**What the task asks:** Of all the lines in the entries below, give again exactly those starting at the line containing "#100=ORIENTED_EDGE('',*,*,#99,.F.);" and ending at the line containing "#108=PLANE('',#107);", both ends included, and no others.

**Information:**
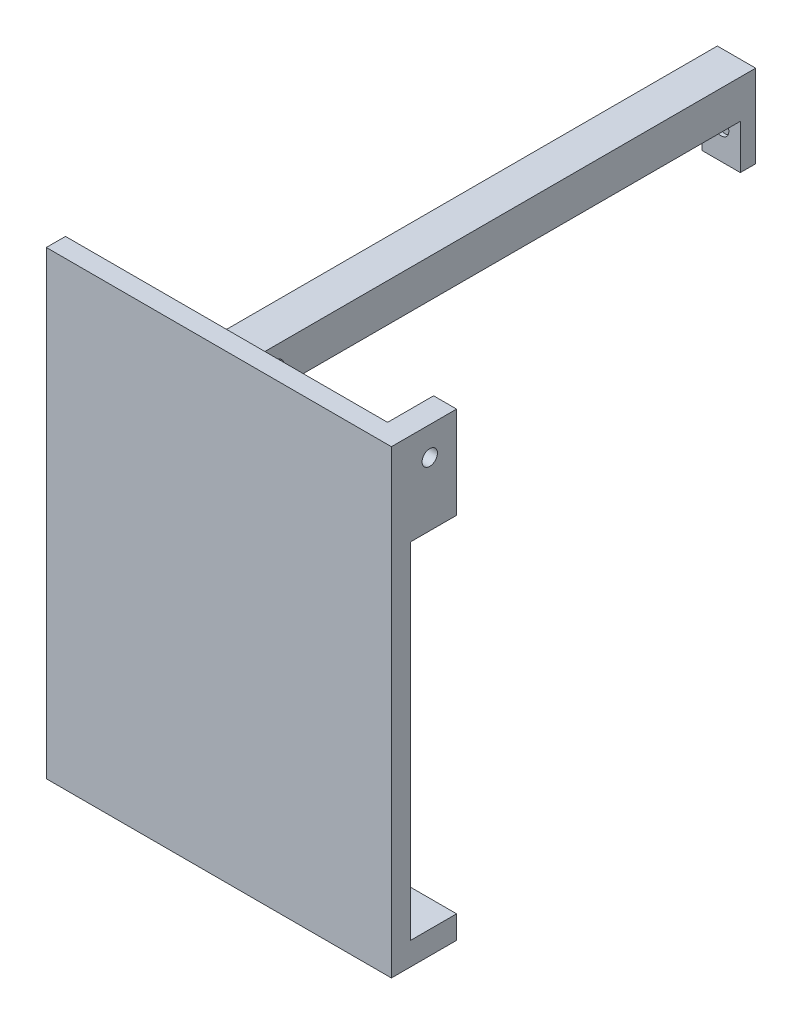
ISO-10303-21;
HEADER;
FILE_DESCRIPTION(('STEP AP214'),'2;1');
FILE_NAME('part.step','',(''),(''),'','','');
FILE_SCHEMA(('AUTOMOTIVE_DESIGN { 1 0 10303 214 1 1 1 1 }'));
ENDSEC;
DATA;
#1=APPLICATION_CONTEXT('core data for automotive mechanical design processes');
#2=APPLICATION_PROTOCOL_DEFINITION('international standard','automotive_design',2000,#1);
#3=PRODUCT_CONTEXT('',#1,'mechanical');
#4=PRODUCT('Part','Part','',(#3));
#5=PRODUCT_RELATED_PRODUCT_CATEGORY('part','',(#4));
#6=PRODUCT_DEFINITION_FORMATION('','',#4);
#7=PRODUCT_DEFINITION_CONTEXT('part definition',#1,'design');
#8=PRODUCT_DEFINITION('design','',#6,#7);
#9=PRODUCT_DEFINITION_SHAPE('','',#8);
#10=(LENGTH_UNIT() NAMED_UNIT(*) SI_UNIT(.MILLI.,.METRE.));
#11=(NAMED_UNIT(*) PLANE_ANGLE_UNIT() SI_UNIT($,.RADIAN.));
#12=(NAMED_UNIT(*) SI_UNIT($,.STERADIAN.) SOLID_ANGLE_UNIT());
#13=UNCERTAINTY_MEASURE_WITH_UNIT(LENGTH_MEASURE(1.E-05),#10,'distance_accuracy_value','');
#14=(GEOMETRIC_REPRESENTATION_CONTEXT(3) GLOBAL_UNCERTAINTY_ASSIGNED_CONTEXT((#13)) GLOBAL_UNIT_ASSIGNED_CONTEXT((#10,
#11,#12)) REPRESENTATION_CONTEXT('',''));
#15=CARTESIAN_POINT('',(0.,0.,0.));
#16=DIRECTION('',(0.,0.,1.));
#17=DIRECTION('',(1.,0.,0.));
#18=AXIS2_PLACEMENT_3D('',#15,#16,#17);
#19=CARTESIAN_POINT('',(0.,0.,650.));
#20=DIRECTION('',(0.,0.,1.));
#21=DIRECTION('',(1.,0.,0.));
#22=AXIS2_PLACEMENT_3D('',#19,#20,#21);
#23=PLANE('',#22);
#24=DIRECTION('',(-1.,0.,0.));
#25=VECTOR('',#24,1.);
#26=CARTESIAN_POINT('',(-35.2150537634409,27.1505376344086,650.));
#27=LINE('',#26,#25);
#28=CARTESIAN_POINT('',(14.7849462365591,27.1505376344086,650.));
#29=VERTEX_POINT('',#28);
#30=CARTESIAN_POINT('',(-35.2150537634409,27.1505376344086,650.));
#31=VERTEX_POINT('',#30);
#32=EDGE_CURVE('E356',#29,#31,#27,.T.);
#33=ORIENTED_EDGE('',*,*,#32,.T.);
#34=DIRECTION('',(0.,-1.,0.));
#35=VECTOR('',#34,1.);
#36=CARTESIAN_POINT('',(-35.2150537634409,27.1505376344086,650.));
#37=LINE('',#36,#35);
#38=CARTESIAN_POINT('',(-35.2150537634409,-22.8494623655914,650.));
#39=VERTEX_POINT('',#38);
#40=EDGE_CURVE('E343',#31,#39,#37,.T.);
#41=ORIENTED_EDGE('',*,*,#40,.T.);
#42=DIRECTION('',(1.,0.,0.));
#43=VECTOR('',#42,1.);
#44=CARTESIAN_POINT('',(-35.2150537634409,-22.8494623655914,650.));
#45=LINE('',#44,#43);
#46=CARTESIAN_POINT('',(14.7849462365592,-22.8494623655914,650.));
#47=VERTEX_POINT('',#46);
#48=EDGE_CURVE('E347',#39,#47,#45,.T.);
#49=ORIENTED_EDGE('',*,*,#48,.T.);
#50=DIRECTION('',(0.,1.,0.));
#51=VECTOR('',#50,1.);
#52=CARTESIAN_POINT('',(14.7849462365591,27.1505376344086,650.));
#53=LINE('',#52,#51);
#54=EDGE_CURVE('E352',#47,#29,#53,.T.);
#55=ORIENTED_EDGE('',*,*,#54,.T.);
#56=EDGE_LOOP('',(#33,#41,#49,#55));
#57=FACE_BOUND('',#56,.T.);
#58=CARTESIAN_POINT('',(-10.2150537634409,-41.8494623655914,650.));
#59=DIRECTION('',(0.,0.,1.));
#60=DIRECTION('',(1.,0.,0.));
#61=AXIS2_PLACEMENT_3D('',#58,#59,#60);
#62=CIRCLE('',#61,10.);
#63=CARTESIAN_POINT('',(-0.215053763440852,-41.8494623655914,650.));
#64=VERTEX_POINT('',#63);
#65=EDGE_CURVE('E208',#64,#64,#62,.F.);
#66=ORIENTED_EDGE('',*,*,#65,.F.);
#67=EDGE_LOOP('',(#66));
#68=FACE_BOUND('',#67,.T.);
#69=DIRECTION('',(0.,1.,0.));
#70=VECTOR('',#69,1.);
#71=CARTESIAN_POINT('',(184.784946236559,-52.8494623655914,650.));
#72=LINE('',#71,#70);
#73=CARTESIAN_POINT('',(184.784946236559,-52.8494623655914,650.));
#74=VERTEX_POINT('',#73);
#75=CARTESIAN_POINT('',(184.784946236559,37.1505376344087,650.));
#76=VERTEX_POINT('',#75);
#77=EDGE_CURVE('E170',#74,#76,#72,.T.);
#78=ORIENTED_EDGE('',*,*,#77,.F.);
#79=DIRECTION('',(1.,0.,0.));
#80=VECTOR('',#79,1.);
#81=CARTESIAN_POINT('',(214.784946236559,-52.8494623655914,650.));
#82=LINE('',#81,#80);
#83=CARTESIAN_POINT('',(-235.215053763441,-52.8494623655914,650.));
#84=VERTEX_POINT('',#83);
#85=EDGE_CURVE('E262',#84,#74,#82,.T.);
#86=ORIENTED_EDGE('',*,*,#85,.F.);
#87=DIRECTION('',(0.,-1.,0.));
#88=VECTOR('',#87,1.);
#89=CARTESIAN_POINT('',(-235.215053763441,37.1505376344086,650.));
#90=LINE('',#89,#88);
#91=CARTESIAN_POINT('',(-235.215053763441,37.1505376344086,650.));
#92=VERTEX_POINT('',#91);
#93=EDGE_CURVE('E321',#92,#84,#90,.T.);
#94=ORIENTED_EDGE('',*,*,#93,.F.);
#95=DIRECTION('',(-1.,0.,0.));
#96=VECTOR('',#95,1.);
#97=CARTESIAN_POINT('',(-235.215053763441,37.1505376344086,650.));
#98=LINE('',#97,#96);
#99=EDGE_CURVE('E311',#76,#92,#98,.T.);
#100=ORIENTED_EDGE('',*,*,#99,.F.);
#101=EDGE_LOOP('',(#78,#86,#94,#100));
#102=FACE_BOUND('',#101,.T.);
#103=ADVANCED_FACE('F46',(#57,#68,#102),#23,.F.);
#104=CARTESIAN_POINT('',(214.784946236559,-52.8494623655914,590.));
#105=DIRECTION('',(0.,-1.,0.));
#106=DIRECTION('',(0.,0.,-1.));
#107=AXIS2_PLACEMENT_3D('',#104,#105,#106);
#108=PLANE('',#107);
#109=CARTESIAN_POINT('',(-10.2150537634408,-52.8494623655914,625.));
#110=DIRECTION('',(0.,-1.,0.));
#111=DIRECTION('',(0.,0.,-1.));
#112=AXIS2_PLACEMENT_3D('',#109,#110,#111);
#113=CIRCLE('',#112,10.);
#114=CARTESIAN_POINT('',(-10.2150537634408,-52.8494623655914,615.));
#115=VERTEX_POINT('',#114);
#116=EDGE_CURVE('E240',#115,#115,#113,.F.);
#117=ORIENTED_EDGE('',*,*,#116,.F.);
#118=EDGE_LOOP('',(#117));
#119=FACE_BOUND('',#118,.T.);
#120=DIRECTION('',(0.,0.,1.));
#121=VECTOR('',#120,1.);
#122=CARTESIAN_POINT('',(184.784946236559,-52.8494623655914,495.131670194949));
#123=LINE('',#122,#121);
#124=CARTESIAN_POINT('',(184.784946236559,-52.8494623655914,590.));
#125=VERTEX_POINT('',#124);
#126=EDGE_CURVE('E200',#125,#74,#123,.T.);
#127=ORIENTED_EDGE('',*,*,#126,.F.);
#128=DIRECTION('',(1.,0.,0.));
#129=VECTOR('',#128,1.);
#130=CARTESIAN_POINT('',(214.784946236559,-52.8494623655914,590.));
#131=LINE('',#130,#129);
#132=CARTESIAN_POINT('',(-235.215053763441,-52.8494623655914,590.));
#133=VERTEX_POINT('',#132);
#134=EDGE_CURVE('E189',#133,#125,#131,.T.);
#135=ORIENTED_EDGE('',*,*,#134,.F.);
#136=DIRECTION('',(0.,0.,1.));
#137=VECTOR('',#136,1.);
#138=CARTESIAN_POINT('',(-235.215053763441,-52.8494623655914,590.));
#139=LINE('',#138,#137);
#140=EDGE_CURVE('E259',#133,#84,#139,.T.);
#141=ORIENTED_EDGE('',*,*,#140,.T.);
#142=ORIENTED_EDGE('',*,*,#85,.T.);
#143=EDGE_LOOP('',(#127,#135,#141,#142));
#144=FACE_BOUND('',#143,.T.);
#145=ADVANCED_FACE('F422',(#119,#144),#108,.F.);
#146=CARTESIAN_POINT('',(-35.2150537634409,-22.8494623655914,650.));
#147=DIRECTION('',(0.,1.,0.));
#148=DIRECTION('',(0.,0.,1.));
#149=AXIS2_PLACEMENT_3D('',#146,#147,#148);
#150=PLANE('',#149);
#151=DIRECTION('',(-1.,0.,0.));
#152=VECTOR('',#151,1.);
#153=CARTESIAN_POINT('',(-35.2150537634409,-22.8494623655914,20.));
#154=LINE('',#153,#152);
#155=CARTESIAN_POINT('',(14.7849462365592,-22.8494623655914,20.));
#156=VERTEX_POINT('',#155);
#157=CARTESIAN_POINT('',(-35.2150537634409,-22.8494623655914,20.));
#158=VERTEX_POINT('',#157);
#159=EDGE_CURVE('E66',#156,#158,#154,.T.);
#160=ORIENTED_EDGE('',*,*,#159,.F.);
#161=DIRECTION('',(0.,0.,-1.));
#162=VECTOR('',#161,1.);
#163=CARTESIAN_POINT('',(14.7849462365592,-22.8494623655914,650.));
#164=LINE('',#163,#162);
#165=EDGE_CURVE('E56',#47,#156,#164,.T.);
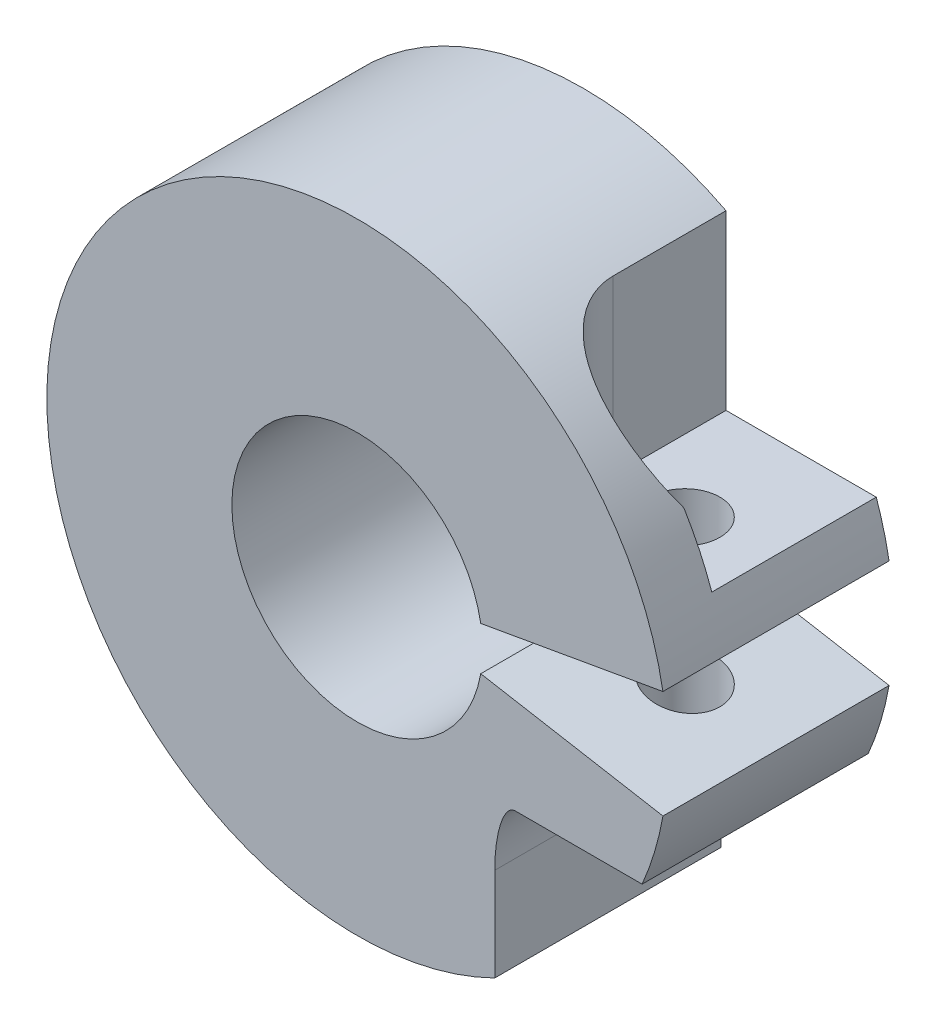
ISO-10303-21;
HEADER;
FILE_DESCRIPTION(('STEP AP214'),'2;1');
FILE_NAME('part.step','',(''),(''),'','','');
FILE_SCHEMA(('AUTOMOTIVE_DESIGN { 1 0 10303 214 1 1 1 1 }'));
ENDSEC;
DATA;
#1=APPLICATION_CONTEXT('core data for automotive mechanical design processes');
#2=APPLICATION_PROTOCOL_DEFINITION('international standard','automotive_design',2000,#1);
#3=PRODUCT_CONTEXT('',#1,'mechanical');
#4=PRODUCT('Part','Part','',(#3));
#5=PRODUCT_RELATED_PRODUCT_CATEGORY('part','',(#4));
#6=PRODUCT_DEFINITION_FORMATION('','',#4);
#7=PRODUCT_DEFINITION_CONTEXT('part definition',#1,'design');
#8=PRODUCT_DEFINITION('design','',#6,#7);
#9=PRODUCT_DEFINITION_SHAPE('','',#8);
#10=(LENGTH_UNIT() NAMED_UNIT(*) SI_UNIT(.MILLI.,.METRE.));
#11=(NAMED_UNIT(*) PLANE_ANGLE_UNIT() SI_UNIT($,.RADIAN.));
#12=(NAMED_UNIT(*) SI_UNIT($,.STERADIAN.) SOLID_ANGLE_UNIT());
#13=UNCERTAINTY_MEASURE_WITH_UNIT(LENGTH_MEASURE(1.E-05),#10,'distance_accuracy_value','');
#14=(GEOMETRIC_REPRESENTATION_CONTEXT(3) GLOBAL_UNCERTAINTY_ASSIGNED_CONTEXT((#13)) GLOBAL_UNIT_ASSIGNED_CONTEXT((#10,
#11,#12)) REPRESENTATION_CONTEXT('',''));
#15=CARTESIAN_POINT('',(0.,0.,0.));
#16=DIRECTION('',(0.,0.,1.));
#17=DIRECTION('',(1.,0.,0.));
#18=AXIS2_PLACEMENT_3D('',#15,#16,#17);
#19=CARTESIAN_POINT('',(0.,0.,11.));
#20=DIRECTION('',(0.,0.,-1.));
#21=DIRECTION('',(-1.,0.,0.));
#22=AXIS2_PLACEMENT_3D('',#19,#20,#21);
#23=CYLINDRICAL_SURFACE('',#22,15.1);
#24=CARTESIAN_POINT('',(0.,0.,0.));
#25=DIRECTION('',(0.,0.,1.));
#26=DIRECTION('',(1.,0.,0.));
#27=AXIS2_PLACEMENT_3D('',#24,#25,#26);
#28=CIRCLE('',#27,15.1);
#29=CARTESIAN_POINT('',(6.9389621819294,13.4112193270319,0.));
#30=VERTEX_POINT('',#29);
#31=CARTESIAN_POINT('',(6.6889621819294,-13.5376432560737,0.));
#32=VERTEX_POINT('',#31);
#33=EDGE_CURVE('E194',#30,#32,#28,.T.);
#34=ORIENTED_EDGE('',*,*,#33,.T.);
#35=DIRECTION('',(0.,0.,-1.));
#36=VECTOR('',#35,1.);
#37=CARTESIAN_POINT('',(6.6889621819294,-13.5376432560737,11.));
#38=LINE('',#37,#36);
#39=CARTESIAN_POINT('',(6.6889621819294,-13.5376432560737,11.));
#40=VERTEX_POINT('',#39);
#41=EDGE_CURVE('E158',#32,#40,#38,.F.);
#42=ORIENTED_EDGE('',*,*,#41,.T.);
#43=CARTESIAN_POINT('',(0.,0.,11.));
#44=DIRECTION('',(0.,0.,1.));
#45=DIRECTION('',(1.,0.,0.));
#46=AXIS2_PLACEMENT_3D('',#43,#44,#45);
#47=CIRCLE('',#46,15.1);
#48=CARTESIAN_POINT('',(14.8705970704843,2.62208748277065,11.));
#49=VERTEX_POINT('',#48);
#50=EDGE_CURVE('E166',#49,#40,#47,.T.);
#51=ORIENTED_EDGE('',*,*,#50,.F.);
#52=DIRECTION('',(0.,0.,-1.));
#53=VECTOR('',#52,1.);
#54=CARTESIAN_POINT('',(14.8705970704843,2.62208748277065,11.));
#55=LINE('',#54,#53);
#56=CARTESIAN_POINT('',(14.8705970704843,2.62208748277065,0.));
#57=VERTEX_POINT('',#56);
#58=EDGE_CURVE('E202',#49,#57,#55,.T.);
#59=ORIENTED_EDGE('',*,*,#58,.T.);
#60=CARTESIAN_POINT('',(14.2481577756565,5.,0.));
#61=VERTEX_POINT('',#60);
#62=EDGE_CURVE('E189',#57,#61,#28,.T.);
#63=ORIENTED_EDGE('',*,*,#62,.T.);
#64=DIRECTION('',(0.,0.,-1.));
#65=VECTOR('',#64,1.);
#66=CARTESIAN_POINT('',(14.2481577756565,5.,11.));
#67=LINE('',#66,#65);
#68=CARTESIAN_POINT('',(14.2481577756565,5.,8.));
#69=VERTEX_POINT('',#68);
#70=EDGE_CURVE('E358',#69,#61,#67,.T.);
#71=ORIENTED_EDGE('',*,*,#70,.F.);
#72=CARTESIAN_POINT('',(0.,0.,8.00000000000001));
#73=DIRECTION('',(0.,0.,1.));
#74=DIRECTION('',(1.,0.,0.));
#75=AXIS2_PLACEMENT_3D('',#72,#73,#74);
#76=CIRCLE('',#75,15.1);
#77=CARTESIAN_POINT('',(12.8884519247126,7.86751593480258,8.));
#78=VERTEX_POINT('',#77);
#79=EDGE_CURVE('E219',#69,#78,#76,.T.);
#80=ORIENTED_EDGE('',*,*,#79,.T.);
#81=CARTESIAN_POINT('',(6.9389621819294,13.4112193270319,5.5));
#82=CARTESIAN_POINT('',(6.9389484513675,13.4112195447243,5.58924999652139));
#83=CARTESIAN_POINT('',(6.9423757267014,13.4094529834948,5.67849416502968));
#84=CARTESIAN_POINT('',(6.95600807768608,13.4023900647413,5.85630821640909));
#85=CARTESIAN_POINT('',(6.96621202045145,13.3970942972097,5.94487820948228));
#86=CARTESIAN_POINT('',(6.99325851560519,13.3829949935007,6.12048401680907));
#87=CARTESIAN_POINT('',(7.01008381882675,13.3742005709519,6.20752320831468));
#88=CARTESIAN_POINT('',(7.05015303315526,13.3531213987343,6.379655732637));
#89=CARTESIAN_POINT('',(7.07339699447195,13.3408366217622,6.46474905022654));
#90=CARTESIAN_POINT('',(7.15237983680038,13.2987618992325,6.71620247749444));
#91=CARTESIAN_POINT('',(7.217396572924,13.2637379852567,6.8789072122984));
#92=CARTESIAN_POINT('',(7.36909464868571,13.1800566331543,7.18994746689632));
#93=CARTESIAN_POINT('',(7.45578011436167,13.1313965983003,7.33828024258971));
#94=CARTESIAN_POINT('',(7.64950465847406,13.0195188355864,7.62109476473803));
#95=CARTESIAN_POINT('',(7.75701309309699,12.9559564417325,7.75511779511494));
#96=CARTESIAN_POINT('',(7.98628566294028,12.8158992203683,8.00257281061084));
#97=CARTESIAN_POINT('',(8.10805481840316,12.7393998343781,8.11599750838199));
#98=CARTESIAN_POINT('',(8.37303946606088,12.5669969804962,8.33084689220787));
#99=CARTESIAN_POINT('',(8.51719663962771,12.4699521523716,8.43018459181593));
#100=CARTESIAN_POINT('',(8.81179268779963,12.2635500033635,8.6034760005425));
#101=CARTESIAN_POINT('',(8.96223465372188,12.154186577351,8.67741704885586));
#102=CARTESIAN_POINT('',(9.22247099039008,11.9572058378946,8.78390295401551));
#103=CARTESIAN_POINT('',(9.33184936319642,11.8720761282391,8.82224176534463));
#104=CARTESIAN_POINT('',(9.55032157621495,11.6970481788694,8.88722678799494));
#105=CARTESIAN_POINT('',(9.65941530759329,11.6071483349366,8.91386903741164));
#106=CARTESIAN_POINT('',(9.87638905374758,11.4231002098596,8.95626298044255));
#107=CARTESIAN_POINT('',(9.98426690124502,11.3289454985226,8.97199756073089));
#108=CARTESIAN_POINT('',(10.1978514212074,11.1370755115648,8.99333473247951));
#109=CARTESIAN_POINT('',(10.3035575216853,11.0393593162641,8.9989346876981));
#110=CARTESIAN_POINT('',(10.5481654856095,10.8066494467967,9.00110894357342));
#111=CARTESIAN_POINT('',(10.6859376947487,10.6704261100018,8.99390268881406));
#112=CARTESIAN_POINT('',(10.9553619363254,10.3936226533899,8.96434839975531));
#113=CARTESIAN_POINT('',(11.0870116290945,10.2530409016929,8.94199462694998));
#114=CARTESIAN_POINT('',(11.3436795460359,9.96833623986629,8.88361269187177));
#115=CARTESIAN_POINT('',(11.4686872825025,9.82420822609415,8.84756359555258));
#116=CARTESIAN_POINT('',(11.7114149803872,9.53355143464644,8.76303221124716));
#117=CARTESIAN_POINT('',(11.8291362833521,9.38702310522724,8.71455222048769));
#118=CARTESIAN_POINT('',(12.03130213163,9.12570879869751,8.6183321173353));
#119=CARTESIAN_POINT('',(12.1172564430532,9.01122975276712,8.57289888213371));
#120=CARTESIAN_POINT('',(12.2845768786763,8.78176129823346,8.47541209381099));
#121=CARTESIAN_POINT('',(12.3659436003598,8.66677195820448,8.4233594056896));
#122=CARTESIAN_POINT('',(12.5235299533566,8.43744118430534,8.31314416888982));
#123=CARTESIAN_POINT('',(12.5997790536668,8.32310028593413,8.25502262520672));
#124=CARTESIAN_POINT('',(12.747624616099,8.09485108471857,8.13234730153382));
#125=CARTESIAN_POINT('',(12.8192207896106,7.98094280912065,8.06779312317036));
#126=CARTESIAN_POINT('',(12.8884519247126,7.86751593480258,8.));
#127=B_SPLINE_CURVE_WITH_KNOTS('',3,(#81,#82,#83,#84,#85,#86,#87,#88,#89,#90,#91,#92,#93,#94,
#95,#96,#97,#98,#99,#100,#101,#102,#103,#104,#105,#106,#107,#108,#109,#110,#111,#112,#113,#114,
#115,#116,#117,#118,#119,#120,#121,#122,#123,#124,#125,#126),.UNSPECIFIED.,.F.,.F.,(4,2,2,2,2,2,
2,2,2,2,2,2,2,2,2,2,2,2,2,2,2,2,4),(0.,0.267656681662357,0.535268629235359,0.802187993021052,
1.06910944483428,1.60243763509126,2.13586745617045,2.68312478259433,3.23057534398822,
3.82877281612181,4.4272680718566,4.85814795147117,5.28917366798336,5.72087411072246,
6.15268683222946,6.73348063515818,7.31449458988881,7.89640025281596,8.47819845710031,
8.92856727821362,9.37887730755463,9.82632065407159,10.2737917280388),.UNSPECIFIED.);
#128=CARTESIAN_POINT('',(6.9389621819294,13.4112193270319,5.5));
#129=VERTEX_POINT('',#128);
#130=EDGE_CURVE('E223',#129,#78,#127,.T.);
#131=ORIENTED_EDGE('',*,*,#130,.F.);
#132=DIRECTION('',(0.,0.,-1.));
#133=VECTOR('',#132,1.);
#134=CARTESIAN_POINT('',(6.9389621819294,13.4112193270319,11.));
#135=LINE('',#134,#133);
#136=EDGE_CURVE('E215',#129,#30,#135,.T.);
#137=ORIENTED_EDGE('',*,*,#136,.T.);
#138=EDGE_LOOP('',(#34,#42,#51,#59,#63,#71,#80,#131,#137));
#139=FACE_BOUND('',#138,.T.);
#140=ADVANCED_FACE('F50',(#139),#23,.T.);
#141=CARTESIAN_POINT('',(10.4389621819294,-15.1,5.5));
#142=DIRECTION('',(0.,1.,0.));
#143=DIRECTION('',(0.,0.,1.));
#144=AXIS2_PLACEMENT_3D('',#141,#142,#143);
#145=CYLINDRICAL_SURFACE('',#144,1.7);
#146=CARTESIAN_POINT('',(10.4389621819294,1.84067068326946,5.5));
#147=DIRECTION('',(-0.173648177666931,0.984807753012208,0.));
#148=DIRECTION('',(0.984807753012208,0.173648177666931,0.));
#149=AXIS2_PLACEMENT_3D('',#146,#147,#148);
#150=ELLIPSE('',#149,1.72622524020577,1.7);
#151=CARTESIAN_POINT('',(12.1389621819294,2.14042655047386,5.5));
#152=VERTEX_POINT('',#151);
#153=EDGE_CURVE('E185',#152,#152,#150,.T.);
#154=ORIENTED_EDGE('',*,*,#153,.F.);
#155=EDGE_LOOP('',(#154));
#156=FACE_BOUND('',#155,.T.);
#157=CARTESIAN_POINT('',(10.4389621819294,5.,5.5));
#158=DIRECTION('',(0.,1.,0.));
#159=DIRECTION('',(0.,0.,1.));
#160=AXIS2_PLACEMENT_3D('',#157,#158,#159);
#161=CIRCLE('',#160,1.7);
#162=CARTESIAN_POINT('',(10.4389621819294,5.,7.2));
#163=VERTEX_POINT('',#162);
#164=EDGE_CURVE('E332',#163,#163,#161,.T.);
#165=ORIENTED_EDGE('',*,*,#164,.T.);
#166=EDGE_LOOP('',(#165));
#167=FACE_BOUND('',#166,.T.);
#168=ADVANCED_FACE('F246',(#156,#167),#145,.F.);
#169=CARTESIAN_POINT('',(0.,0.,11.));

**Solution to the problem:**
#100=ORIENTED_EDGE('',*,*,#99,.F.);
#101=EDGE_LOOP('',(#78,#86,#94,#100));
#102=FACE_BOUND('',#101,.T.);
#103=ADVANCED_FACE('F46',(#57,#68,#102),#23,.F.);
#104=CARTESIAN_POINT('',(214.784946236559,-52.8494623655914,590.));
#105=DIRECTION('',(0.,-1.,0.));
#106=DIRECTION('',(0.,0.,-1.));
#107=AXIS2_PLACEMENT_3D('',#104,#105,#106);
#108=PLANE('',#107);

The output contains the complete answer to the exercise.